Company Overview: Tesla Inc. (NASDAQ: TSLA) is engaged in the design, development, manufacturing, and sales business of automotive, which accounts for 94% of FY20. The automotive segment includes a portfolio of all-electric vehicles where revenues are induced by way of direct sales, leasing, and regulatory credits. Revenues from the energy generation & storage segment represent the sale of solar energy systems and energy storage systems to residential, small commercial, and large commercial and utility grade customers. The segment constitutes ~6% of FY20 revenues.

TSLA Details

Fast-Paced Construction of Gigafactory Underway to Uplift Production: TSLA has progressed construction of Gigafactory Berlin and Gigafactory Texas coupled with the expansion of Gigafactory Shanghai to satisfy the on-track production and deliveries in late 2021. TSLA improved its domestic supply sourcing ratio to over 90% with the recent developments of the Model Y ramp in Shanghai. Moreover, Panasonic partnership with Gigafactory Nevada to supply battery cells may add further economies of scale and drive operational efficiency.

Historical Financial Trend:

TSLA clocked healthy revenues over the past five years aided by a ramp-up in vehicle production, continued R&D investments, proliferation in battery technology for electric vehicles. The company, over time, invested in sourcing capabilities that helped in bringing cost efficiencies which lifted EBITDA growth.

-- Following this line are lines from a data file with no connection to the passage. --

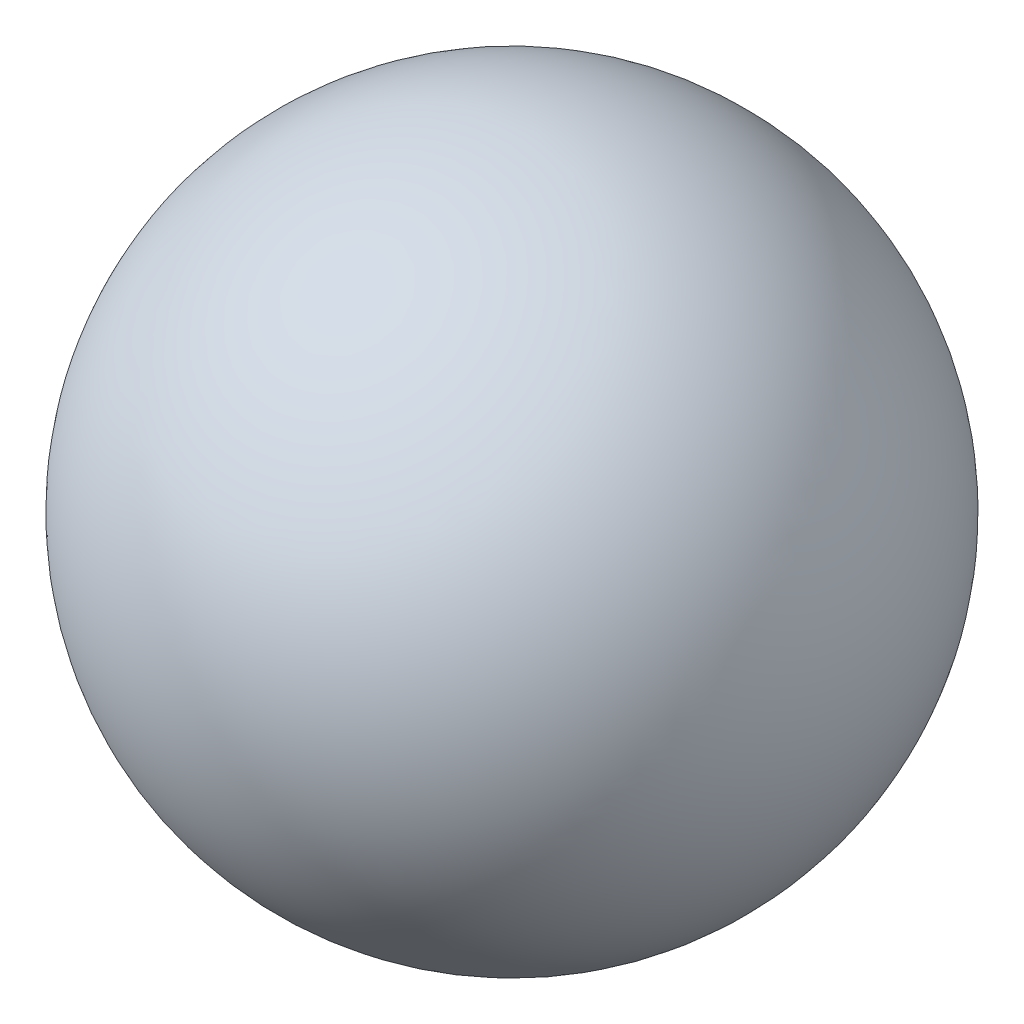
SolidWorks part; units mm, degrees
material "AISI 1035 Acier (SS)"
ref_plane "Plan de face" through (0, 0, 0) normal (0, 0, 1) x (1, 0, 0)
ref_plane "Plan de dessus" through (0, 0, 0) normal (0, 1, 0) x (1, 0, 0)
ref_plane "Plan de droite" through (0, 0, 0) normal (1, 0, 0) x (0, 0, -1)
sketch "Esquisse1" plane through (0, 0, 0) normal (0, 0, 1) x (1, 0, 0)
  line L0 (-40, 0) -> (40, 0)
  arc A0 (-40, 0) -> (40, 0) centre (0, 0) ccw
  dimension "D1" = 40
  dimension "D2" = 80
revolve "Révolution1" add sketch "Esquisse1" angle 360 about L0
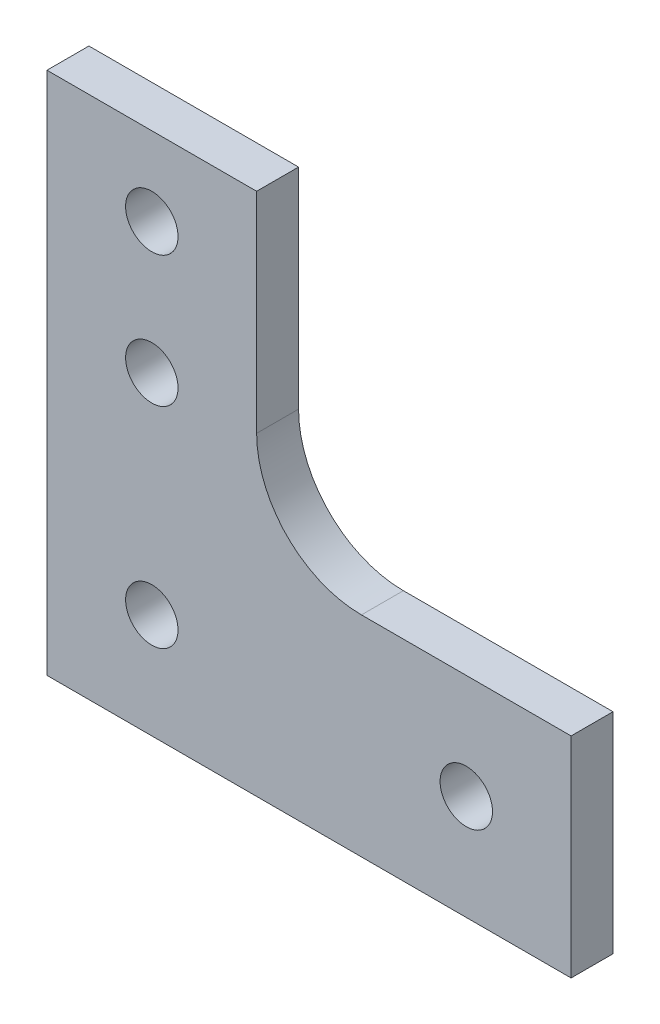
SolidWorks part; units mm, degrees
ref_plane "Front Plane" through (0, 0, 0) normal (0, 0, 1) x (1, 0, 0)
ref_plane "Top Plane" through (0, 0, 0) normal (0, 1, 0) x (1, 0, 0)
ref_plane "Right Plane" through (0, 0, 0) normal (1, 0, 0) x (0, 0, -1)
sketch "Sketch1" plane through (0, 0, 0) normal (0, 0, 1) x (1, 0, 0)
  line L0 (-20, -10) -> (-20, 40)
  line L3 (-20, 40) -> (0, 40)
  line L4 (30, -10) -> (30, 10)
  line L5 (30, 10) -> (10, 10)
  line L8 (0, 40) -> (0, 20)
  line L9 (30, -10) -> (-20, -10)
  line L10 (0, 20) -> (0, 10)
  line L11 (0, 10) -> (10, 10)
  circle A0 centre (-10, 32.5) radius 2.5
  circle A1 centre (-10, 0) radius 2.5
  circle A3 centre (20, 0) radius 2.5
  circle A7 centre (-10, 20) radius 2.5
  dimension "D5" = 20
  dimension "D6" = 10
  dimension "D7" = 20
  dimension "D8" = 5
  dimension "D9" = 5
  dimension "D12" = 10
  dimension "D13" = 10
  dimension "D18" = 5
  dimension "D19" = 7.5
  dimension "D20" = 5
  dimension "D21" = 12.5
  dimension "D10" = 10
  dimension "D11" = 10
  dimension "D28" = 10
  dimension "D29" = 10
  dimension "D22" = 30
  dimension "D32" = 20
  dimension "D34" = 30
extrude "Boss-Extrude1" add sketch "Sketch1" along normal blind 4
fillet "Fillet1" radius 10 1 edges at (0, 10, 2)
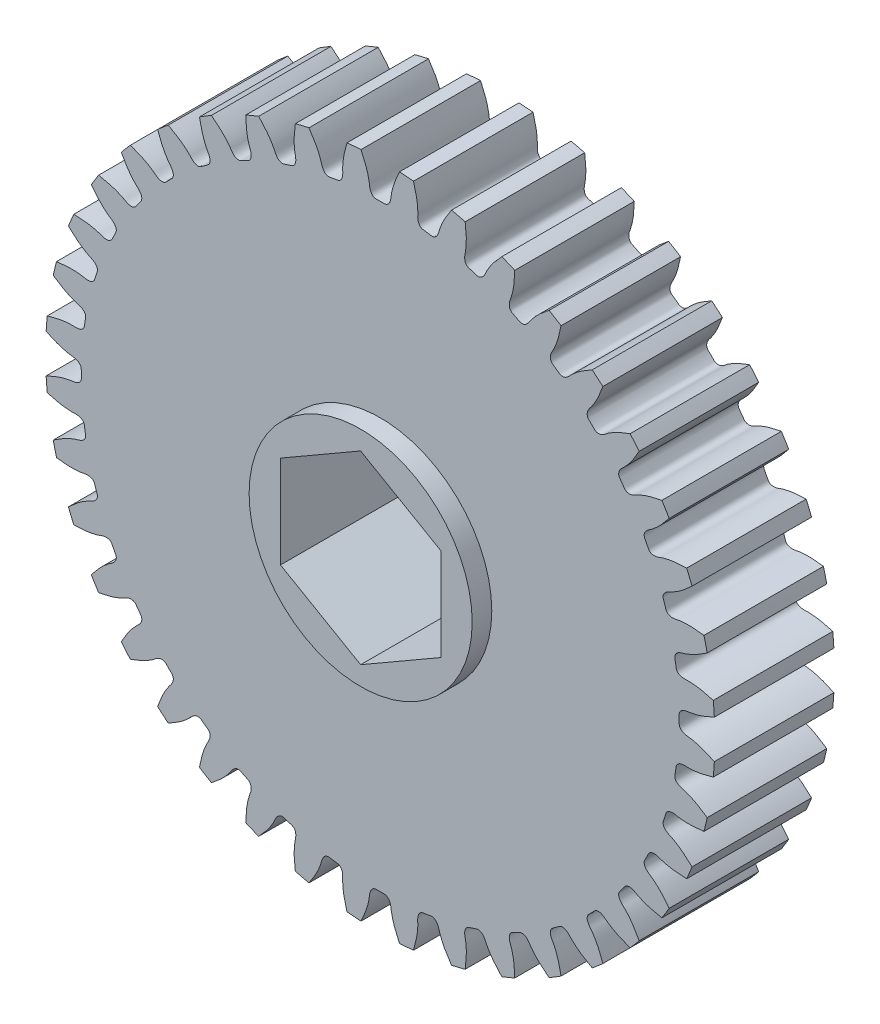
SolidWorks part; units mm, degrees
material "7075-T6 (SN)"
ref_plane "Front Plane" through (0, 0, 0) normal (0, 0, 1) x (1, 0, 0)
ref_plane "Top Plane" through (0, 0, 0) normal (0, 1, 0) x (1, 0, 0)
ref_plane "Right Plane" through (0, 0, 0) normal (1, 0, 0) x (0, 0, -1)
ref_plane "Plane1" through (0, 0, -4.7625) normal (0, 0, -1) x (-1, 0, 0)
sketch "Sketch1" plane through (0, 0, -4.7625) normal (0, 0, -1) x (-1, 0, 0)
  arc A0 (-25.7968, 6.7684) -> (-26.058, 5.6808) centre (0, 0) ccw
  arc A1 (-26.5381, 2.6496) -> (-26.6258, 1.5345) centre (0, 0) ccw
  arc A2 (-26.6258, -1.5345) -> (-26.5381, -2.6496) centre (0, 0) ccw
  arc A3 (-26.058, -5.6808) -> (-25.7968, -6.7684) centre (0, 0) ccw
  arc A4 (-24.8485, -9.6872) -> (-24.4204, -10.7206) centre (0, 0) ccw
  arc A5 (-23.0271, -13.4551) -> (-22.4427, -14.4088) centre (0, 0) ccw
  arc A6 (-20.6388, -16.8917) -> (-19.9124, -17.7422) centre (0, 0) ccw
  arc A7 (-17.7422, -19.9124) -> (-16.8917, -20.6388) centre (0, 0) ccw
  arc A8 (-14.4088, -22.4427) -> (-13.4551, -23.0271) centre (0, 0) ccw
  arc A9 (-10.7206, -24.4204) -> (-9.6872, -24.8485) centre (0, 0) ccw
  arc A10 (-6.7684, -25.7968) -> (-5.6808, -26.058) centre (0, 0) ccw
  arc A11 (-2.6496, -26.5381) -> (-1.5345, -26.6258) centre (0, 0) ccw
  arc A12 (1.5345, -26.6258) -> (2.6496, -26.5381) centre (0, 0) ccw
  arc A13 (5.6808, -26.058) -> (6.7684, -25.7968) centre (0, 0) ccw
  arc A14 (9.6872, -24.8485) -> (10.7206, -24.4204) centre (0, 0) ccw
  arc A15 (13.4551, -23.0271) -> (14.4088, -22.4427) centre (0, 0) ccw
  arc A16 (16.8917, -20.6388) -> (17.7422, -19.9124) centre (0, 0) ccw
  arc A17 (19.9124, -17.7422) -> (20.6388, -16.8917) centre (0, 0) ccw
  arc A18 (22.4427, -14.4088) -> (23.0271, -13.4551) centre (0, 0) ccw
  arc A19 (24.4204, -10.7206) -> (24.8485, -9.6872) centre (0, 0) ccw
  arc A20 (25.7968, -6.7684) -> (26.058, -5.6808) centre (0, 0) ccw
  arc A21 (26.5381, -2.6496) -> (26.6258, -1.5345) centre (0, 0) ccw
  arc A22 (26.6258, 1.5345) -> (26.5381, 2.6496) centre (0, 0) ccw
  arc A23 (26.058, 5.6808) -> (25.7968, 6.7684) centre (0, 0) ccw
  arc A24 (24.8485, 9.6872) -> (24.4204, 10.7206) centre (0, 0) ccw
  arc A25 (23.0271, 13.4551) -> (22.4427, 14.4088) centre (0, 0) ccw
  arc A26 (20.6388, 16.8917) -> (19.9124, 17.7422) centre (0, 0) ccw
  arc A27 (17.7422, 19.9124) -> (16.8917, 20.6388) centre (0, 0) ccw
  arc A28 (14.4088, 22.4427) -> (13.4551, 23.0271) centre (0, 0) ccw
  arc A29 (10.7206, 24.4204) -> (9.6872, 24.8485) centre (0, 0) ccw
  arc A30 (6.7684, 25.7968) -> (5.6808, 26.058) centre (0, 0) ccw
  arc A31 (2.6496, 26.5381) -> (1.5345, 26.6258) centre (0, 0) ccw
  arc A32 (-1.5345, 26.6258) -> (-2.6496, 26.5381) centre (0, 0) ccw
  arc A33 (-5.6808, 26.058) -> (-6.7684, 25.7968) centre (0, 0) ccw
  arc A34 (-9.6872, 24.8485) -> (-10.7206, 24.4204) centre (0, 0) ccw
  arc A35 (-13.4551, 23.0271) -> (-14.4088, 22.4427) centre (0, 0) ccw
  arc A36 (-16.8917, 20.6388) -> (-17.7422, 19.9124) centre (0, 0) ccw
  arc A37 (-19.9124, 17.7422) -> (-20.6388, 16.8917) centre (0, 0) ccw
  arc A38 (-22.4427, 14.4088) -> (-23.0271, 13.4551) centre (0, 0) ccw
  arc A39 (-24.4204, 10.7206) -> (-24.8485, 9.6872) centre (0, 0) ccw
  spline S0 degree 3 number of poles 87 (-25.7968, 6.7684) -> (-24.8485, 9.6872)
  spline S1 degree 3 number of poles 87 (-26.5381, 2.6496) -> (-26.058, 5.6808)
  spline S2 degree 3 number of poles 87 (-26.6258, -1.5345) -> (-26.6258, 1.5345)
  spline S3 degree 3 number of poles 87 (-26.058, -5.6808) -> (-26.5381, -2.6496)
  spline S4 degree 3 number of poles 87 (-24.8485, -9.6872) -> (-25.7968, -6.7684)
  spline S5 degree 3 number of poles 87 (-23.0271, -13.4551) -> (-24.4204, -10.7206)
  spline S6 degree 3 number of poles 87 (-20.6388, -16.8917) -> (-22.4427, -14.4088)
  spline S7 degree 3 number of poles 87 (-17.7422, -19.9124) -> (-19.9124, -17.7422)
  spline S8 degree 3 number of poles 87 (-14.4088, -22.4427) -> (-16.8917, -20.6388)
  spline S9 degree 3 number of poles 87 (-10.7206, -24.4204) -> (-13.4551, -23.0271)
  spline S10 degree 3 number of poles 87 (-6.7684, -25.7968) -> (-9.6872, -24.8485)
  spline S11 degree 3 number of poles 87 (-2.6496, -26.5381) -> (-5.6808, -26.058)
  spline S12 degree 3 number of poles 87 (1.5345, -26.6258) -> (-1.5345, -26.6258)
  spline S13 degree 3 number of poles 87 (5.6808, -26.058) -> (2.6496, -26.5381)
  spline S14 degree 3 number of poles 87 (9.6872, -24.8485) -> (6.7684, -25.7968)
  spline S15 degree 3 number of poles 87 (13.4551, -23.0271) -> (10.7206, -24.4204)
  spline S16 degree 3 number of poles 87 (16.8917, -20.6388) -> (14.4088, -22.4427)
  spline S17 degree 3 number of poles 87 (19.9124, -17.7422) -> (17.7422, -19.9124)
  spline S18 degree 3 number of poles 87 (22.4427, -14.4088) -> (20.6388, -16.8917)
  spline S19 degree 3 number of poles 87 (24.4204, -10.7206) -> (23.0271, -13.4551)
  spline S20 degree 3 number of poles 87 (25.7968, -6.7684) -> (24.8485, -9.6872)
  spline S21 degree 3 number of poles 87 (26.5381, -2.6496) -> (26.058, -5.6808)
  spline S22 degree 3 number of poles 87 (26.6258, 1.5345) -> (26.6258, -1.5345)
  spline S23 degree 3 number of poles 87 (26.058, 5.6808) -> (26.5381, 2.6496)
  spline S24 degree 3 number of poles 87 (24.8485, 9.6872) -> (25.7968, 6.7684)
  spline S25 degree 3 number of poles 87 (23.0271, 13.4551) -> (24.4204, 10.7206)
  spline S26 degree 3 number of poles 87 (20.6388, 16.8917) -> (22.4427, 14.4088)
  spline S27 degree 3 number of poles 87 (17.7422, 19.9124) -> (19.9124, 17.7422)
  spline S28 degree 3 number of poles 87 (14.4088, 22.4427) -> (16.8917, 20.6388)
  spline S29 degree 3 number of poles 87 (10.7206, 24.4204) -> (13.4551, 23.0271)
  spline S30 degree 3 number of poles 87 (6.7684, 25.7968) -> (9.6872, 24.8485)
  spline S31 degree 3 number of poles 87 (2.6496, 26.5381) -> (5.6808, 26.058)
  spline S32 degree 3 number of poles 87 (-1.5345, 26.6258) -> (1.5345, 26.6258)
  spline S33 degree 3 number of poles 87 (-5.6808, 26.058) -> (-2.6496, 26.5381)
  spline S34 degree 3 number of poles 87 (-9.6872, 24.8485) -> (-6.7684, 25.7968)
  spline S35 degree 3 number of poles 87 (-13.4551, 23.0271) -> (-10.7206, 24.4204)
  spline S36 degree 3 number of poles 87 (-16.8917, 20.6388) -> (-14.4088, 22.4427)
  spline S37 degree 3 number of poles 87 (-19.9124, 17.7422) -> (-17.7422, 19.9124)
  spline S38 degree 3 number of poles 87 (-22.4427, 14.4088) -> (-20.6388, 16.8917)
  spline S39 degree 3 number of poles 87 (-24.4204, 10.7206) -> (-23.0271, 13.4551)
extrude "Boss-Extrude1" add sketch "Sketch1" against normal blind 9.525
sketch "Sketch2" plane through (0, 0, -4.7625) normal (0, 0, -1) x (-1, 0, 0)
  circle A0 centre (0, 0) radius 8.89
extrude "Boss-Extrude2" add sketch "Sketch2" along normal blind 1.5621
sketch "Sketch3" plane through (0, 0, 4.7625) normal (0, 0, 1) x (1, 0, 0)
  circle A0 centre (0, 0) radius 8.89
extrude "Boss-Extrude3" add sketch "Sketch3" along normal blind 1.5621
sketch "Sketch4" plane through (0, 0, 6.3246) normal (0, 0, 1) x (1, 0, 0)
  line L0 (6.3881, -3.6882) -> (6.3881, 3.6882)
  line L1 (6.3881, 3.6882) -> (0, 7.3763)
  line L2 (0, 7.3763) -> (-6.3881, 3.6882)
  line L3 (-6.3881, 3.6882) -> (-6.3881, -3.6882)
  line L4 (-6.3881, -3.6882) -> (0, -7.3763)
  line L5 (0, -7.3763) -> (6.3881, -3.6882)
extrude "Cut-Extrude1" cut sketch "Sketch4" against normal through all

Figure 1. 5-Year Key Financial Summary:

Source: Company Reports

A Glance on Quarterly Performance:

Revenues surged substantially by 74% yoy growth, reaching ~$10.39 billion as a result of substantial growth in vehicle deliveries, partially offset by a 13% yoy decline in average selling price. Moreover, operating income improved to $594 million, relative to $283 million in Q1FY20, resulting in 5.7% operating margins. This was predominantly driven by increased volume, regulatory credit revenue growth and product cost reduction, partially offset by a lower ASP, increased share-based compensation, higher supply chain costs and R&D investments. Further, Model S and Model X changeover costs negatively impacted both gross profit as well as R&D expenses. Net income increased from ~$16 million to ~$438 million on a pcp basis. Moreover, cash flow from operations increased to an inflow of ~$1,641 million in the quarter relative to an outflow of ~$440 million in Q1FY20. For the period, TSLA stands cash-rich and profitable to feed on future expected capital expenditure.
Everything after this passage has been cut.